Re: Need guidance solrcloud shardings with date interval
Use the "implicit" router (being renamed "manual". that takes the value of a particular field (_route_ by default) and sends docs to that exact shard. But I also question whether sharding on this schema is a good idea. If you have an access pattern where most queries are for, say, the last two days then all the work will be done on only 2 machines and all the rest will be idle. You should at least consider just using normal routing that distributes the data across all shards and then use delete-by-query to delete the data older than 10 days.
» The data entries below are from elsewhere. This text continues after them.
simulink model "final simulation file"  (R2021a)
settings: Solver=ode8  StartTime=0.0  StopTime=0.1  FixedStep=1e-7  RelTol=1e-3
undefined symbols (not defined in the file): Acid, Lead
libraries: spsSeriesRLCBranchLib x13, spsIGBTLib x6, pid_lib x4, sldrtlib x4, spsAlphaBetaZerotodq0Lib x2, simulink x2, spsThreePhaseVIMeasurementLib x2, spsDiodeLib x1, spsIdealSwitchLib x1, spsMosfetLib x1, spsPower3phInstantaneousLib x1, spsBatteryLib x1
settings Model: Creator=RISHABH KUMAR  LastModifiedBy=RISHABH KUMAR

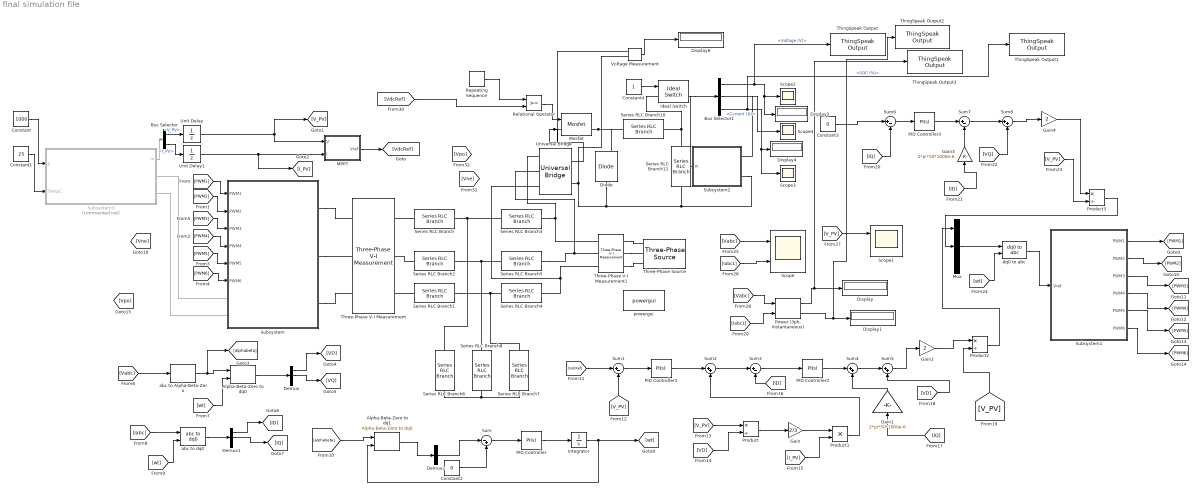
== system final simulation file ==
  Alpha-Beta-Zero to dq0 : spsAlphaBetaZerotodq0Lib/Alpha-Beta-Zero to dq0  Alignment=90 degrees behind phase A axis
      settings: SourceProductBaseCode=PS
  Alpha-Beta-Zero to dq1 : spsAlphaBetaZerotodq0Lib/Alpha-Beta-Zero to dq0  Alignment=90 degrees behind phase A axis
      settings: SourceProductBaseCode=PS
  Bus Selector : BusSelector  OutputSignals=V_PV,I_PV
  Bus Selector1 : BusSelector  OutputSignals=Voltage (V),Current (A),SOC (%)
  Constant : Constant  Value=1000
  Constant1 : Constant  Value=25
  Constant2 : Constant  Value=0
  Constant3 : Constant  Value=0
  Constant4 : Constant
  Demux : Demux  Outputs=3
  Demux1 : Demux  Outputs=3
  Demux2 : Demux  Outputs=3
  Diode : spsDiodeLib/Diode  Ron=0.001  Lon=0  Vf=0.8  IC=0  UseSnubber=0  Rs=500  Cs=250e-9  Measurements=on
  Display{,1..2,4,6} (5 alike) : Display
  Gain : Gain  Gain=2/3
  Gain1 : Gain  Gain=2*pi*50*1000e-6
  Gain2 : Gain  Gain=2
  Gain3 : Gain  Gain=2*pi*50*1000e-6
  Gain4 : Gain  Gain=2
  Ideal Switch : spsIdealSwitchLib/Ideal Switch  Ron=0.00001  Lon=0  IC=0  Rs=1e5  Cs=inf  Measurements=on
  Integrator : Integrator
  MPPT : MATLAB Function  TreatAsAtomicUnit=on
  Mosfet : spsMosfetLib/Mosfet  Ron=0.1  Lon=0  Rd=0.01  Vfd=0  IC=0  Rs=1e5  Cs=inf  Measurements=on
  Mux : Mux  Inputs=3
  PID Controller : pid_lib/PID Controller  Controller=PI  Form=Parallel  TimeDomain=Continuous-time  UseExternalTs=off  SampleTime=-1  IntegratorMethod=Forward Euler  FilterMethod=Forward Euler  ControllerParametersSource=internal  P=10  I=50000  D=0  UseFilter=on  N=100  TunerSelectOption=Transfer Function Based (PID Tuner App)  InitialConditionSource=internal  InitialConditionForIntegrator=0  InitialConditionForFilter=0  DifferentiatorICPrevScaledInput=0  ExternalReset=none  TrackingMode=off  Kt=1  LimitOutput=off  SatLimitsSource=internal  UpperSaturationLimit=inf  LowerSaturationLimit=-inf  LinearizeAsGain=on  AntiWindupMode=none  Kb=1  POutMin=[]  POutMax=[]  IOutMin=[]  IOutMax=[]  DOutMin=[]  DOutMax=[]  NOutMin=[]  NOutMax=[]  SumOutMin=[]  SumOutMax=[]  SaturationOutMin=[]  SaturationOutMax=[]  PParamMin=[]  PParamMax=[]  IParamMin=[]  IParamMax=[]  DParamMin=[]  DParamMax=[]  NParamMin=[]  NParamMax=[]  KbParamMin=[]  KbParamMax=[]  KtParamMin=[]  KtParamMax=[]  KbOutMin=[]  KbOutMax=[]  KtOutMin=[]  KtOutMax=[]  IntegratorOutMin=[]  IntegratorOutMax=[]  FilterOutMin=[]  FilterOutMax=[]  SumI1OutMin=[]  SumI1OutMax=[]  SumI2OutMin=[]  SumI2OutMax=[]  SumI3OutMin=[]  SumI3OutMax=[]  SumI4OutMin=[]  SumI4OutMax=[]  SumDOutMin=[]  SumDOutMax=[]  DifferentiatorOutMin=[]  DifferentiatorOutMax=[]  FilterDiffOutCoefMin=[]  FilterDiffOutCoefMax=[]  ReciprocalOutMin=[]  ReciprocalOutMax=[]  SumDenOutMin=[]  SumDenOutMax=[]  SumNumOutMin=[]  SumNumOutMax=[]  DivideOutMin=[]  DivideOutMax=[]  UdiffTsProdOutMin=[]  UdiffTsProdOutMax=[]  NTsProdOutMin=[]  NTsProdOutMax=[]  UintegralTsProdOutMin=[]  UintegralTsProdOutMax=[]  UngainTsProdOutMin=[]  UngainTsProdOutMax=[]  IntegratorContinuousStateAttributes=''  IntegratorStateMustResolveToSignalObject=off  IntegratorRTWStateStorageClass=Auto  FilterContinuousStateAttributes=''  FilterStateMustResolveToSignalObject=off  FilterRTWStateStorageClass=Auto  ParallelPVariant=InternalParameters  IdealPVariant=Disabled  IVariant=InternalParameters  DVariant=Disabled  IntegratorVariant=Continuous  SatVariant=Disabled  AWVariant=Passthrough  PCopyVariant=Disabled  TRVariant=Disabled  FdbkBlocksVariant=Forward  IdealPFdbkVariant=Disabled  SatFdbkVariant=Disabled  DerivativeFilterVariant=Disabled  NVariant=Disabled  NCopyVariant=Disabled_SignalSpec  FilterICVariant=Disabled  IntegratorICVariant=InternalICs  ExternalResetVariant=Disabled  TRSumVariant=Passthrough  SumFdbkVariant=Disabled  SumVariant=Sum_PI  TsampFilterVariant=InternalTs  TsampNgainVariant=Passthrough  TsampIntegralVariant=Passthrough  ExternalSaturationOutDataTypeStr=Inherit: Same as second input
  PID Controller1 : pid_lib/PID Controller  Controller=PI  Form=Parallel  TimeDomain=Continuous-time  UseExternalTs=off  SampleTime=-1  IntegratorMethod=Forward Euler  FilterMethod=Forward Euler  ControllerParametersSource=internal  P=0.25  I=0.001  D=0  UseFilter=on  N=100  TunerSelectOption=Transfer Function Based (PID Tuner App)  InitialConditionSource=internal  InitialConditionForIntegrator=0  InitialConditionForFilter=0  DifferentiatorICPrevScaledInput=0  ExternalReset=none  TrackingMode=off  Kt=1  LimitOutput=off  SatLimitsSource=internal  UpperSaturationLimit=inf  LowerSaturationLimit=-inf  LinearizeAsGain=on  AntiWindupMode=none  Kb=1  POutMin=[]  POutMax=[]  IOutMin=[]  IOutMax=[]  DOutMin=[]  DOutMax=[]  NOutMin=[]  NOutMax=[]  SumOutMin=[]  SumOutMax=[]  SaturationOutMin=[]  SaturationOutMax=[]  PParamMin=[]  PParamMax=[]  IParamMin=[]  IParamMax=[]  DParamMin=[]  DParamMax=[]  NParamMin=[]  NParamMax=[]  KbParamMin=[]  KbParamMax=[]  KtParamMin=[]  KtParamMax=[]  KbOutMin=[]  KbOutMax=[]  KtOutMin=[]  KtOutMax=[]  IntegratorOutMin=[]  IntegratorOutMax=[]  FilterOutMin=[]  FilterOutMax=[]  SumI1OutMin=[]  SumI1OutMax=[]  SumI2OutMin=[]  SumI2OutMax=[]  SumI3OutMin=[]  SumI3OutMax=[]  SumI4OutMin=[]  SumI4OutMax=[]  SumDOutMin=[]  SumDOutMax=[]  DifferentiatorOutMin=[]  DifferentiatorOutMax=[]  FilterDiffOutCoefMin=[]  FilterDiffOutCoefMax=[]  ReciprocalOutMin=[]  ReciprocalOutMax=[]  SumDenOutMin=[]  SumDenOutMax=[]  SumNumOutMin=[]  SumNumOutMax=[]  DivideOutMin=[]  DivideOutMax=[]  UdiffTsProdOutMin=[]  UdiffTsProdOutMax=[]  NTsProdOutMin=[]  NTsProdOutMax=[]  UintegralTsProdOutMin=[]  UintegralTsProdOutMax=[]  UngainTsProdOutMin=[]  UngainTsProdOutMax=[]  IntegratorContinuousStateAttributes=''  IntegratorStateMustResolveToSignalObject=off  IntegratorRTWStateStorageClass=Auto  FilterContinuousStateAttributes=''  FilterStateMustResolveToSignalObject=off  FilterRTWStateStorageClass=Auto  ParallelPVariant=InternalParameters  IdealPVariant=Disabled  IVariant=InternalParameters  DVariant=Disabled  IntegratorVariant=Continuous  SatVariant=Disabled  AWVariant=Passthrough  PCopyVariant=Disabled  TRVariant=Disabled  FdbkBlocksVariant=Forward  IdealPFdbkVariant=Disabled  SatFdbkVariant=Disabled  DerivativeFilterVariant=Disabled  NVariant=Disabled  NCopyVariant=Disabled_SignalSpec  FilterICVariant=Disabled  IntegratorICVariant=InternalICs  ExternalResetVariant=Disabled  TRSumVariant=Passthrough  SumFdbkVariant=Disabled  SumVariant=Sum_PI  TsampFilterVariant=InternalTs  TsampNgainVariant=Passthrough  TsampIntegralVariant=Passthrough  ExternalSaturationOutDataTypeStr=Inherit: Same as second input
  PID Controller2 : pid_lib/PID Controller  Controller=PI  Form=Parallel  TimeDomain=Continuous-time  UseExternalTs=off  SampleTime=-1  IntegratorMethod=Forward Euler  FilterMethod=Forward Euler  ControllerParametersSource=internal  P=3.33  I=5000  D=0  UseFilter=on  N=100  TunerSelectOption=Transfer Function Based (PID Tuner App)  InitialConditionSource=internal  InitialConditionForIntegrator=0  InitialConditionForFilter=0  DifferentiatorICPrevScaledInput=0  ExternalReset=none  TrackingMode=off  Kt=1  LimitOutput=off  SatLimitsSource=internal  UpperSaturationLimit=inf  LowerSaturationLimit=-inf  LinearizeAsGain=on  AntiWindupMode=none  Kb=1  POutMin=[]  POutMax=[]  IOutMin=[]  IOutMax=[]  DOutMin=[]  DOutMax=[]  NOutMin=[]  NOutMax=[]  SumOutMin=[]  SumOutMax=[]  SaturationOutMin=[]  SaturationOutMax=[]  PParamMin=[]  PParamMax=[]  IParamMin=[]  IParamMax=[]  DParamMin=[]  DParamMax=[]  NParamMin=[]  NParamMax=[]  KbParamMin=[]  KbParamMax=[]  KtParamMin=[]  KtParamMax=[]  KbOutMin=[]  KbOutMax=[]  KtOutMin=[]  KtOutMax=[]  IntegratorOutMin=[]  IntegratorOutMax=[]  FilterOutMin=[]  FilterOutMax=[]  SumI1OutMin=[]  SumI1OutMax=[]  SumI2OutMin=[]  SumI2OutMax=[]  SumI3OutMin=[]  SumI3OutMax=[]  SumI4OutMin=[]  SumI4OutMax=[]  SumDOutMin=[]  SumDOutMax=[]  DifferentiatorOutMin=[]  DifferentiatorOutMax=[]  FilterDiffOutCoefMin=[]  FilterDiffOutCoefMax=[]  ReciprocalOutMin=[]  ReciprocalOutMax=[]  SumDenOutMin=[]  SumDenOutMax=[]  SumNumOutMin=[]  SumNumOutMax=[]  DivideOutMin=[]  DivideOutMax=[]  UdiffTsProdOutMin=[]  UdiffTsProdOutMax=[]  NTsProdOutMin=[]  NTsProdOutMax=[]  UintegralTsProdOutMin=[]  UintegralTsProdOutMax=[]  UngainTsProdOutMin=[]  UngainTsProdOutMax=[]  IntegratorContinuousStateAttributes=''  IntegratorStateMustResolveToSignalObject=off  IntegratorRTWStateStorageClass=Auto  FilterContinuousStateAttributes=''  FilterStateMustResolveToSignalObject=off  FilterRTWStateStorageClass=Auto  ParallelPVariant=InternalParameters  IdealPVariant=Disabled  IVariant=InternalParameters  DVariant=Disabled  IntegratorVariant=Continuous  SatVariant=Disabled  AWVariant=Passthrough  PCopyVariant=Disabled  TRVariant=Disabled  FdbkBlocksVariant=Forward  IdealPFdbkVariant=Disabled  SatFdbkVariant=Disabled  DerivativeFilterVariant=Disabled  NVariant=Disabled  NCopyVariant=Disabled_SignalSpec  FilterICVariant=Disabled  IntegratorICVariant=InternalICs  ExternalResetVariant=Disabled  TRSumVariant=Passthrough  SumFdbkVariant=Disabled  SumVariant=Sum_PI  TsampFilterVariant=InternalTs  TsampNgainVariant=Passthrough  TsampIntegralVariant=Passthrough  ExternalSaturationOutDataTypeStr=Inherit: Same as second input
  PID Controller3 : pid_lib/PID Controller  Controller=PI  Form=Parallel  TimeDomain=Continuous-time  UseExternalTs=off  SampleTime=-1  IntegratorMethod=Forward Euler  FilterMethod=Forward Euler  ControllerParametersSource=internal  P=3.33  I=5000  D=0  UseFilter=on  N=100  TunerSelectOption=Transfer Function Based (PID Tuner App)  InitialConditionSource=internal  InitialConditionForIntegrator=0  InitialConditionForFilter=0  DifferentiatorICPrevScaledInput=0  ExternalReset=none  TrackingMode=off  Kt=1  LimitOutput=off  SatLimitsSource=internal  UpperSaturationLimit=inf  LowerSaturationLimit=-inf  LinearizeAsGain=on  AntiWindupMode=none  Kb=1  POutMin=[]  POutMax=[]  IOutMin=[]  IOutMax=[]  DOutMin=[]  DOutMax=[]  NOutMin=[]  NOutMax=[]  SumOutMin=[]  SumOutMax=[]  SaturationOutMin=[]  SaturationOutMax=[]  PParamMin=[]  PParamMax=[]  IParamMin=[]  IParamMax=[]  DParamMin=[]  DParamMax=[]  NParamMin=[]  NParamMax=[]  KbParamMin=[]  KbParamMax=[]  KtParamMin=[]  KtParamMax=[]  KbOutMin=[]  KbOutMax=[]  KtOutMin=[]  KtOutMax=[]  IntegratorOutMin=[]  IntegratorOutMax=[]  FilterOutMin=[]  FilterOutMax=[]  SumI1OutMin=[]  SumI1OutMax=[]  SumI2OutMin=[]  SumI2OutMax=[]  SumI3OutMin=[]  SumI3OutMax=[]  SumI4OutMin=[]  SumI4OutMax=[]  SumDOutMin=[]  SumDOutMax=[]  DifferentiatorOutMin=[]  DifferentiatorOutMax=[]  FilterDiffOutCoefMin=[]  FilterDiffOutCoefMax=[]  ReciprocalOutMin=[]  ReciprocalOutMax=[]  SumDenOutMin=[]  SumDenOutMax=[]  SumNumOutMin=[]  SumNumOutMax=[]  DivideOutMin=[]  DivideOutMax=[]  UdiffTsProdOutMin=[]  UdiffTsProdOutMax=[]  NTsProdOutMin=[]  NTsProdOutMax=[]  UintegralTsProdOutMin=[]  UintegralTsProdOutMax=[]  UngainTsProdOutMin=[]  UngainTsProdOutMax=[]  IntegratorContinuousStateAttributes=''  IntegratorStateMustResolveToSignalObject=off  IntegratorRTWStateStorageClass=Auto  FilterContinuousStateAttributes=''  FilterStateMustResolveToSignalObject=off  FilterRTWStateStorageClass=Auto  ParallelPVariant=InternalParameters  IdealPVariant=Disabled  IVariant=InternalParameters  DVariant=Disabled  IntegratorVariant=Continuous  SatVariant=Disabled  AWVariant=Passthrough  PCopyVariant=Disabled  TRVariant=Disabled  FdbkBlocksVariant=Forward  IdealPFdbkVariant=Disabled  SatFdbkVariant=Disabled  DerivativeFilterVariant=Disabled  NVariant=Disabled  NCopyVariant=Disabled_SignalSpec  FilterICVariant=Disabled  IntegratorICVariant=InternalICs  ExternalResetVariant=Disabled  TRSumVariant=Passthrough  SumFdbkVariant=Disabled  SumVariant=Sum_PI  TsampFilterVariant=InternalTs  TsampNgainVariant=Passthrough  TsampIntegralVariant=Passthrough  ExternalSaturationOutDataTypeStr=Inherit: Same as second input
  "Power (3ph, Instantaneous)" : spsPower3phInstantaneousLib/Power (3ph, Instantaneous)
  Product : Product  Inputs=*/
  Product1 : Product
  Product2 : Product  Inputs=*/
  Product3 : Product  Inputs=*/
  Relational Operator : RelationalOperator  OutDataTypeStr=boolean  RndMeth=Simplest
  Repeating Sequence : simulink/Sources/Repeating Sequence  rep_seq_t=[0 0.0001]  rep_seq_y=[0 1]
  Scope : Scope  NumInputPorts=2
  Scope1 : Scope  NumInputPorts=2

Best, Erick On Thu, Jul 20, 2017 at 12:51 AM, rehman kahloonwrote: > > Hi Sir, > Taken your id from your document on SlideShare. > Need your guidance on my plan ,My target is to create sub-collection/shards > within a collection. > e.g > Currently 1 have 10 days data and want to store data against each > date in separate partitions. like oracle partition concepts (one table can > have many partitions) > Plan is to store each date data with in separate node, Total physical nodes > are 10 and after 10 days, 11th date data load in node1 and existing data > backup (oldest date data with purge and backed up). > Please guide me how can i perform that using SolrCloud. 1 collection with > unlimited sub collection. > > Thank you very much in advanced. > > Kind Regards,Muhammad Rehman Kahloon.